[DATA FOR ANALYSIS]:
■ ■ ■ ■ ■

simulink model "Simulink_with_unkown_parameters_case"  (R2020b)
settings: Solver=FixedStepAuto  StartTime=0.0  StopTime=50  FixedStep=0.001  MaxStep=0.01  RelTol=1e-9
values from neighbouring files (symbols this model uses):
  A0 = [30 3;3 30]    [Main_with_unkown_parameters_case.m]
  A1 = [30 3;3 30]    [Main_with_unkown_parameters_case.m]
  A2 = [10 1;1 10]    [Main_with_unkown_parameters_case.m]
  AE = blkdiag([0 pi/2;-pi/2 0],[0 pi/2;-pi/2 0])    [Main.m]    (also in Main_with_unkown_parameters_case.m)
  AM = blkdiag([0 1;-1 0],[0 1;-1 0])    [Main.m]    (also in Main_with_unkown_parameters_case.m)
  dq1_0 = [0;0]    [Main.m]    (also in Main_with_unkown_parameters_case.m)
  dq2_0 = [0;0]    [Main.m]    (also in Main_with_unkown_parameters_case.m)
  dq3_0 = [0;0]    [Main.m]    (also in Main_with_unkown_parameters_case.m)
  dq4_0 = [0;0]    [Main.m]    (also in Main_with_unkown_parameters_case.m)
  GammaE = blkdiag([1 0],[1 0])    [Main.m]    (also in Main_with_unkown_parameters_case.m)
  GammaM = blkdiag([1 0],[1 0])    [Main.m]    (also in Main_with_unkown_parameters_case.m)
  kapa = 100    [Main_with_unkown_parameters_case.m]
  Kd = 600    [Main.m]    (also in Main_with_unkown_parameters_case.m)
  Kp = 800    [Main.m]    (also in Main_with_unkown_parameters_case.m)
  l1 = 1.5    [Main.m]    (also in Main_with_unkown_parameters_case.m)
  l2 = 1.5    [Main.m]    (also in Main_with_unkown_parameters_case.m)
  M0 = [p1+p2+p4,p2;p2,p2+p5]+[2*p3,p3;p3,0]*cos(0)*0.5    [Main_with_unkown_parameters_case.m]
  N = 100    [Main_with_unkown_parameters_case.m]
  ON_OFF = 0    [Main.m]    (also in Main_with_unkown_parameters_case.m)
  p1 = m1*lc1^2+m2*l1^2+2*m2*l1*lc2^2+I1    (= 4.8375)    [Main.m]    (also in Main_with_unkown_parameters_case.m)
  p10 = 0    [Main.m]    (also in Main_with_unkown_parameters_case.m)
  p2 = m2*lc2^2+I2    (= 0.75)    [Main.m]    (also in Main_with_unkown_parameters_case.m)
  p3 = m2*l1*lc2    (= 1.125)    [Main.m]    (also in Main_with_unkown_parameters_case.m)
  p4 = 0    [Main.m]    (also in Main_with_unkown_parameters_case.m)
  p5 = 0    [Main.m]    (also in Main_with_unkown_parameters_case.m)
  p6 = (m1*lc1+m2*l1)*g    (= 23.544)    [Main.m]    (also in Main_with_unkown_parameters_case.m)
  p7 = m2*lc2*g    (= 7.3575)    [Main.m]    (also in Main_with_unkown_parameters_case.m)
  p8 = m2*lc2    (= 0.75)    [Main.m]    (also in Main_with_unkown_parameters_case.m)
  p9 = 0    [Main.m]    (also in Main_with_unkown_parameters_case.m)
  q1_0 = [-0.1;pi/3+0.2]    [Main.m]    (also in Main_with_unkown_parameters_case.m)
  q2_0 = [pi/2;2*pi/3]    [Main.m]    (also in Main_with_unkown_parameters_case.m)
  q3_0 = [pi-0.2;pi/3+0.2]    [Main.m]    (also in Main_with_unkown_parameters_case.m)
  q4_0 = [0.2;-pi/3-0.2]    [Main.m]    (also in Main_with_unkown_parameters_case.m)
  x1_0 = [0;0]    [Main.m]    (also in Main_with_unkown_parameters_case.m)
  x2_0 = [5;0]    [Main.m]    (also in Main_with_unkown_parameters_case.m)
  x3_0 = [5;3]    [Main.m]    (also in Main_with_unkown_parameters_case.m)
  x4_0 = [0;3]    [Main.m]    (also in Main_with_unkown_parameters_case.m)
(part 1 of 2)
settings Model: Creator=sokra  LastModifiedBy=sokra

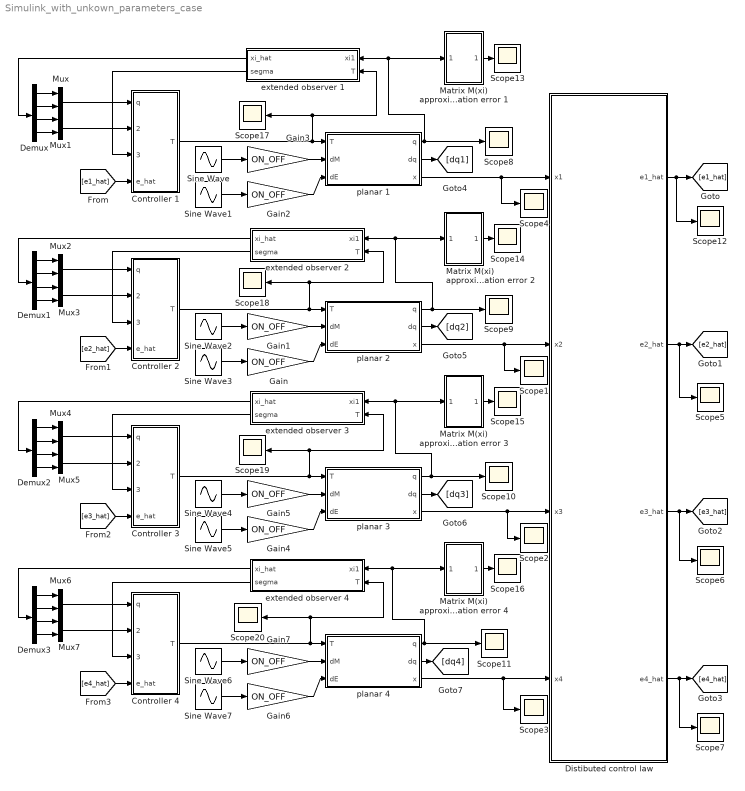
== system Simulink_with_unkown_parameters_case ==
  Controller 1 : Subsystem
  Controller 2 : Subsystem
  Controller 3 : Subsystem
  Controller 4 : Subsystem
  Demux{,1..3} (4 alike) : Demux
  Distibuted control law : MATLAB Function  TreatAsAtomicUnit=on
  Gain{,1..7} (8 alike) : Gain  Gain=ON_OFF
  Matrix M(xi) approximation error 1 : Subsystem
  Matrix M(xi) approximation error 2 : Subsystem
  Matrix M(xi) approximation error 3 : Subsystem
  Matrix M(xi) approximation error 4 : Subsystem
  Mux{,1..7} (8 alike) : Mux  Inputs=2
  Scope{1..20} (20 alike) : Scope
  Sine Wave{,2,4,6} (4 alike) : Sin  Amplitude=[1;1]  Frequency=[1;1]  SampleTime=0
  Sine Wave{1,3,5,7} (4 alike) : Sin  Amplitude=[1;1]/2  Frequency=[1;1]*pi/2  SampleTime=0
  extended observer 1 : Subsystem
  extended observer 2 : Subsystem
  extended observer 3 : Subsystem
  extended observer 4 : Subsystem
  planar 1 : Subsystem  mask{q_0=q1_0, dq_0=dq1_0, x0=x1_0}
  planar 2 : Subsystem  mask{q_0=q2_0, dq_0=dq2_0, x0=x2_0}
  planar 3 : Subsystem  mask{q_0=q3_0, dq_0=dq3_0, x0=x3_0}
  planar 4 : Subsystem  mask{q_0=q4_0, dq_0=dq4_0, x0=x4_0}
  wires:
  Controller 1/1(T) -> Scope17/1, extended observer 1/2(T), planar 1/1(T)
  planar 1/1(q) -> Scope8/1, Matrix M(xi) approximation error 1/1(xi1), extended observer 1/1(xi1)
  planar 2/1(q) -> Scope9/1, Matrix M(xi) approximation error 2/1(xi1), extended observer 2/1(xi1)
  Controller 2/1(T) -> planar 2/1(T), extended observer 2/2(T), Scope18/1
  Controller 3/1(T) -> extended observer 3/2(T), Scope19/1, planar 3/1(T)
  planar 3/1(q) -> Matrix M(xi) approximation error 3/1(xi1), extended observer 3/1(xi1), Scope10/1
  planar 4/1(q) -> Scope11/1, Matrix M(xi) approximation error 4/1(xi1), extended observer 4/1(xi1)
  Controller 4/1(T) -> extended observer 4/2(T), Scope20/1, planar 4/1(T)
  planar 1/3(x) -> Scope4/1, Distibuted control law/1(x1)
  planar 2/3(x) -> Scope1/1, Distibuted control law/2(x2)
  planar 3/3(x) -> Scope2/1, Distibuted control law/3(x3)
  planar 4/3(x) -> Scope3/1, Distibuted control law/4(x4)
  Distibuted control law/1(e1_hat) -> Scope12/1, [e1_hat]
  Distibuted control law/2(e2_hat) -> Scope5/1, [e2_hat]
  Distibuted control law/3(e3_hat) -> Scope6/1, [e3_hat]
  Distibuted control law/4(e4_hat) -> Scope7/1, [e4_hat]
  [e1_hat] -> Controller 1/4(e_hat)
  [e2_hat] -> Controller 2/4(e_hat)
  [e3_hat] -> Controller 3/4(e_hat)
  [e4_hat] -> Controller 4/4(e_hat)
  Gain/1 -> planar 2/3(dE)
  Gain1/1 -> planar 2/2(dM)
  Sine Wave2/1 -> Gain1/1
  Sine Wave3/1 -> Gain/1
  Sine Wave/1 -> Gain3/1
  Sine Wave1/1 -> Gain2/1
  Gain3/1 -> planar 1/2(dM)
  Sine Wave4/1 -> Gain5/1
  Sine Wave5/1 -> Gain4/1
  Gain5/1 -> planar 3/2(dM)
  Sine Wave6/1 -> Gain7/1
  Sine Wave7/1 -> Gain6/1
  Gain7/1 -> planar 4/2(dM)
  Gain6/1 -> planar 4/3(dE)
  Gain4/1 -> planar 3/3(dE)
  Gain2/1 -> planar 1/3(dE)
  planar 1/2(dq) -> [dq1]
  planar 2/2(dq) -> [dq2]
  planar 3/2(dq) -> [dq3]
  planar 4/2(dq) -> [dq4]
  extended observer 1/1(xi_hat) -> Demux/1
  Demux/2 -> Mux/2
  Demux/1 -> Mux/1
  Demux/3 -> Mux1/1
  Demux/4 -> Mux1/2
  Mux/1 -> Controller 1/1(q)
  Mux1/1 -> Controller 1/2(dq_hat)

■ ■ ■ ■ ■

[REQUIRED WORK]:
Give an exact copy of the lines above from the line with "dq2_0 = [0;0]" up to and including the line with "GammaE = blkdiag([1", and leave everything else out.

[EXERCISE RESPONSE]:
  dq2_0 = [0;0]    [Main.m]    (also in Main_with_unkown_parameters_case.m)
  dq3_0 = [0;0]    [Main.m]    (also in Main_with_unkown_parameters_case.m)
  dq4_0 = [0;0]    [Main.m]    (also in Main_with_unkown_parameters_case.m)
  GammaE = blkdiag([1 0],[1 0])    [Main.m]    (also in Main_with_unkown_parameters_case.m)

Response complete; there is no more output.